### Stored data
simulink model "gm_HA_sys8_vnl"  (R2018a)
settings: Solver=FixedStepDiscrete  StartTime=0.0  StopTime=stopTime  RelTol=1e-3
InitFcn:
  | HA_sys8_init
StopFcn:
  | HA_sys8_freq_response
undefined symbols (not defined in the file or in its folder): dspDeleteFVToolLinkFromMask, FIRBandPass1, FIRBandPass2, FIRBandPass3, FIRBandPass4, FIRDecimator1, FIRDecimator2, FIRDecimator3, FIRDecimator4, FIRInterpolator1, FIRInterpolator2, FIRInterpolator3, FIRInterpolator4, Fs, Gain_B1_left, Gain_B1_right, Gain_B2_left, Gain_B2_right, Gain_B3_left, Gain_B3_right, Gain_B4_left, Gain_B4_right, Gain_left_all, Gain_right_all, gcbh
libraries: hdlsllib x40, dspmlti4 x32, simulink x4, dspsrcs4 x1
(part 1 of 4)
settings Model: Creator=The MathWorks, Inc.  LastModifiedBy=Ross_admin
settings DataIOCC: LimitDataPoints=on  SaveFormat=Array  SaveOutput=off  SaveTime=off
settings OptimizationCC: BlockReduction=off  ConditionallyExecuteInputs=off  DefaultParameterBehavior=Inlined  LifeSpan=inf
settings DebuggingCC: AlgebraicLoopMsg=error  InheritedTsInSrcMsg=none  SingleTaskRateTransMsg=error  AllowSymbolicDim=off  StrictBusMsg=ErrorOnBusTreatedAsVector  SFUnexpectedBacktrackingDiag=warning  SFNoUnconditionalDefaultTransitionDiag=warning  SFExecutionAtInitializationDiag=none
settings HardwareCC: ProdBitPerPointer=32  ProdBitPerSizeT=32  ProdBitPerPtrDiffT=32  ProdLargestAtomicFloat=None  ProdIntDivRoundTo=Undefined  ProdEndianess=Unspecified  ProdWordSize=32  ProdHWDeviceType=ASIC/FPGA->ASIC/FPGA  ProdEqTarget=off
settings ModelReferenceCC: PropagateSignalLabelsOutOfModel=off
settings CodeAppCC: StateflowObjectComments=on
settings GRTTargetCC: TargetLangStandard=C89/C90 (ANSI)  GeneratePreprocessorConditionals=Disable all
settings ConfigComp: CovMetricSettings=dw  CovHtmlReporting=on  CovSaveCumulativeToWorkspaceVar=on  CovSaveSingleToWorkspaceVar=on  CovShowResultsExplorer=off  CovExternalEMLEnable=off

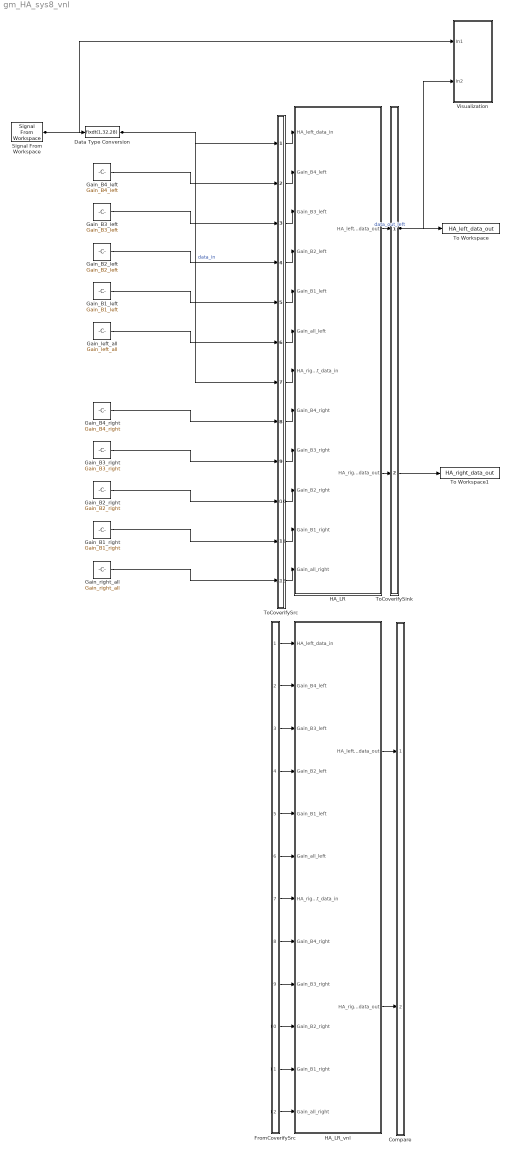
== system gm_HA_sys8_vnl ==
  Compare : Subsystem
      mask Display: disp('')
  Data Type Conversion : DataTypeConversion  OutDataTypeStr=fixdt(1,32,28)
  FromCoverifySrc : Subsystem
      mask Display: disp('')
  Gain_B1_left : Constant  Value=Gain_B1_left  OutDataTypeStr=fixdt(1,32,16)  SampleTime=-1  LockScale=on
  Gain_B1_right : Constant  Value=Gain_B1_right  OutDataTypeStr=fixdt(1,32,16)  SampleTime=-1  LockScale=on
  Gain_B2_left : Constant  Value=Gain_B2_left  OutDataTypeStr=fixdt(1,32,16)  SampleTime=-1  LockScale=on
  Gain_B2_right : Constant  Value=Gain_B2_right  OutDataTypeStr=fixdt(1,32,16)  SampleTime=-1  LockScale=on
  Gain_B3_left : Constant  Value=Gain_B3_left  OutDataTypeStr=fixdt(1,32,16)  SampleTime=-1  LockScale=on
  Gain_B3_right : Constant  Value=Gain_B3_right  OutDataTypeStr=fixdt(1,32,16)  SampleTime=-1  LockScale=on
  Gain_B4_left : Constant  Value=Gain_B4_left  OutDataTypeStr=fixdt(1,32,16)  SampleTime=-1  LockScale=on
  Gain_B4_right : Constant  Value=Gain_B4_right  OutDataTypeStr=fixdt(1,32,16)  SampleTime=-1  LockScale=on
  Gain_left_all : Constant  Value=Gain_left_all  OutDataTypeStr=fixdt(1,32,16)  SampleTime=-1  LockScale=on
  Gain_right_all : Constant  Value=Gain_right_all  OutDataTypeStr=fixdt(1,32,16)  SampleTime=-1  LockScale=on
  HA_LR : Subsystem
  HA_LR_vnl : Subsystem
  Signal From Workspace : dspsrcs4/Signal From Workspace  X=signal_in  Ts=1/Fs  nsamps=1  OutputAfterFinalValue=Setting to zero  ignoreOrWarnInputAndFrameLengths=off  OutputFrames=off
  To Workspace : ToWorkspace  VariableName=HA_left_data_out  SampleTime=-1
      settings: Save2DSignal=2-D array (concatenate along first dimension)
  To Workspace1 : ToWorkspace  VariableName=HA_right_data_out  SampleTime=-1
      settings: Save2DSignal=2-D array (concatenate along first dimension)
  ToCoverifySink : Subsystem
      mask Display: disp('')
  ToCoverifySrc : Subsystem
      mask Display: disp('')
  Visualization : Subsystem
      mask Display: disp('SCOPES')
  wires:
  Signal From Workspace/1 -> Visualization/1(In1), Data Type Conversion/1
  ToCoverifySrc/1(out1) -> HA_LR/1(HA_left_data_in)
  ToCoverifySrc/2(out2) -> HA_LR/2(Gain_B4_left)
  ToCoverifySrc/3(out3) -> HA_LR/3(Gain_B3_left)
  ToCoverifySrc/4(out4) -> HA_LR/4(Gain_B2_left)
  ToCoverifySrc/5(out5) -> HA_LR/5(Gain_B1_left)
  ToCoverifySrc/6(out6) -> HA_LR/6(Gain_all_left)
  ToCoverifySrc/7(out7) -> HA_LR/7(HA_right_data_in)
  ToCoverifySrc/8(out8) -> HA_LR/8(Gain_B4_right)
  ToCoverifySrc/9(out9) -> HA_LR/9(Gain_B3_right)
  ToCoverifySrc/10(out10) -> HA_LR/10(Gain_B2_right)
  ToCoverifySrc/11(out11) -> HA_LR/11(Gain_B1_right)
  ToCoverifySrc/12(out12) -> HA_LR/12(Gain_all_right)
  HA_LR/1(HA_left_data_out) -> ToCoverifySink/1(in1)  "data_out_left"
  HA_LR/2(HA_right_data_out) -> ToCoverifySink/2(in2)
  Data Type Conversion/1 -> ToCoverifySrc/1(in1), ToCoverifySrc/7(in7)  "data_in"
  Gain_B4_left/1 -> ToCoverifySrc/2(in2)
  Gain_B3_left/1 -> ToCoverifySrc/3(in3)
  Gain_B2_left/1 -> ToCoverifySrc/4(in4)
  Gain_B1_left/1 -> ToCoverifySrc/5(in5)
  Gain_left_all/1 -> ToCoverifySrc/6(in6)
  Gain_B4_right/1 -> ToCoverifySrc/8(in8)
  Gain_B3_right/1 -> ToCoverifySrc/9(in9)
  Gain_B2_right/1 -> ToCoverifySrc/10(in10)
  Gain_B1_right/1 -> ToCoverifySrc/11(in11)
  Gain_right_all/1 -> ToCoverifySrc/12(in12)
  ToCoverifySink/1(out1) -> To Workspace/1, Visualization/2(In2)
  ToCoverifySink/2(out2) -> To Workspace1/1
  FromCoverifySrc/1(out1) -> HA_LR_vnl/1(HA_left_data_in)
  FromCoverifySrc/2(out2) -> HA_LR_vnl/2(Gain_B4_left)
  FromCoverifySrc/3(out3) -> HA_LR_vnl/3(Gain_B3_left)
  FromCoverifySrc/4(out4) -> HA_LR_vnl/4(Gain_B2_left)
  FromCoverifySrc/5(out5) -> HA_LR_vnl/5(Gain_B1_left)
  FromCoverifySrc/6(out6) -> HA_LR_vnl/6(Gain_all_left)
  FromCoverifySrc/7(out7) -> HA_LR_vnl/7(HA_right_data_in)
  FromCoverifySrc/8(out8) -> HA_LR_vnl/8(Gain_B4_right)
  FromCoverifySrc/9(out9) -> HA_LR_vnl/9(Gain_B3_right)
  FromCoverifySrc/10(out10) -> HA_LR_vnl/10(Gain_B2_right)
  FromCoverifySrc/11(out11) -> HA_LR_vnl/11(Gain_B1_right)
  FromCoverifySrc/12(out12) -> HA_LR_vnl/12(Gain_all_right)
  HA_LR_vnl/1(HA_left_data_out) -> Compare/1(in1)
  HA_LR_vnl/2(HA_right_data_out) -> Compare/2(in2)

### Work task
Your answer should be the lines above from the one containing "Visualization : Subsystem" through the one containing "ToCoverifySrc/5(out5) -> HA_LR/5(Gain_B1_left)", copied exactly and with both ends kept.

### Solution to the exercise
  Visualization : Subsystem
      mask Display: disp('SCOPES')
  wires:
  Signal From Workspace/1 -> Visualization/1(In1), Data Type Conversion/1
  ToCoverifySrc/1(out1) -> HA_LR/1(HA_left_data_in)
  ToCoverifySrc/2(out2) -> HA_LR/2(Gain_B4_left)
  ToCoverifySrc/3(out3) -> HA_LR/3(Gain_B3_left)
  ToCoverifySrc/4(out4) -> HA_LR/4(Gain_B2_left)
  ToCoverifySrc/5(out5) -> HA_LR/5(Gain_B1_left)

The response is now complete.